A real NeuroAI Lab tool: read every applicant CV, score it against our hiring criteria, and justify each decision, then post the ranked results back to our UCSF GitHub.
| Candidate | Academic | Clinical | Modality | Technical | Score |
|---|---|---|---|---|---|
| Candidate A | ✓ high | ✓ med | ✓ high | ✓ high | 4/4 |
| Candidate B | ✓ high | ✗ low | ✓ med | ✓ high | 3/4 |
| Candidate C | ✓ med | ✗ low | ✓ med | ✗ low | 2/4 |
A skill for the work researchers dread: point-by-point reviewer and grant responses. It drafts one comment at a time, grounds every reply in the manuscript's tracked changes, and verifies each citation before using it.
“The subgroup analyses seem underpowered. Please justify the sample sizes.”
We thank the reviewer for this helpful point. We agree these analyses are exploratory, now say so explicitly, and report 95% confidence intervals throughout. We added the following to the Methods:
Paperclip is a biomedical literature connector and CLI. Once installed, Codex can search papers, regulatory documents, and clinical trials, read the source text, and bring back citations instead of relying on memory.
Run the Paperclip installer, sign in, then install the project skill and select Codex.

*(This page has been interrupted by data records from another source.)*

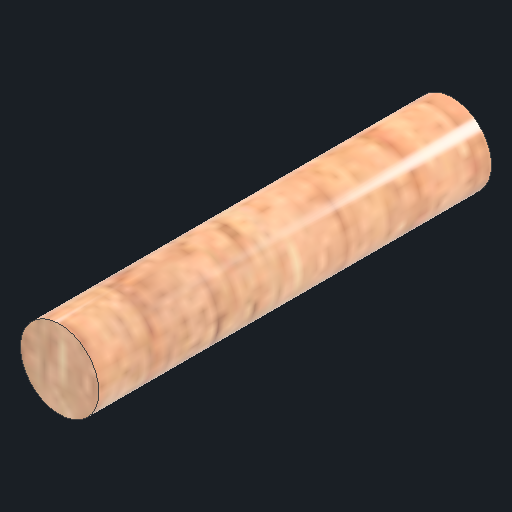
# Autodesk Inventor part: MAIN_PIVOT_DOWEL_TREBUCHET
Saved by Autodesk Inventor 2026.2 (Build 302298010, 298A)
## iProperties
Created: 2026-02-19
Part Number: MAIN_PIVOT_DOWEL_TREBUCHET
Material: Wood (Birch)
Document SubType Name: Modeling
Designer: 4aida
Density: 0.55 g/cm^3
Appearance: Birch - Natural Polished
Mass: 4.42419 g
Surface Area: 27.8689 cm^2
Volume: 8.04398 cm^3
Author: 4aida
Autodesk Inventor part; units mm, degrees
ref_plane "YZ Plane" through (0, 0, 0) normal (1, 0, 0) x (0, 1, 0)
ref_plane "XZ Plane" through (0, 0, 0) normal (0, 1, 0) x (-1, 0, 0)
ref_plane "XY Plane" through (0, 0, 0) normal (0, 0, 1) x (1, 0, 0)
sketch "Sketch1" plane through (0, 0, 0) normal (0, 0, 1) x (1, 0, 0)
  circle A0 centre (0, 0) radius 6.35
  dimension "d0" = 12.7
  constraints: 1 centre point, 1 coincident
  measures "d0" diameter of A0
extrude "Extrusion1" add sketch "Sketch1" along normal mid plane 63.5
body "Solid1"

curl -fsSL https://paperclip.gxl.ai/install.sh | bash paperclip install # select Codex
Start a fresh Codex session in the project, then mention the skill in the prompt. The agent loads the Paperclip docs and chooses the right commands.
using /paperclip, find papers about Alzheimer's and pTau217 in Black populations
Codex can iterate over the corpus, inspect the papers it finds, and summarize only what is supported by sources.
Remember MCP servers, the connectors from earlier? Here is one, live. Point Codex at Atlassian Jira and it can read your board: ask for your open tickets in plain English and get them back with working links.
# ~/.codex/config.toml [mcp_servers.atlassian] command = "npx" args = ["-y", "@aashari/mcp-server-atlassian-jira"] [mcp_servers.atlassian.env] ATLASSIAN_SITE_NAME = "your-site" ATLASSIAN_USER_EMAIL = "you@ucsf.edu" ATLASSIAN_API_TOKEN = "ATATT3x••••••••" # from id.atlassian.com
--- name: jira description: Always link every ticket, show its status, confirm before writes. --- One format, every time: [KEY](…/browse/KEY) · summary · status

The tools are already here and they are PHI-safe. The fastest way to learn is to point one at a piece of real work and watch what it does.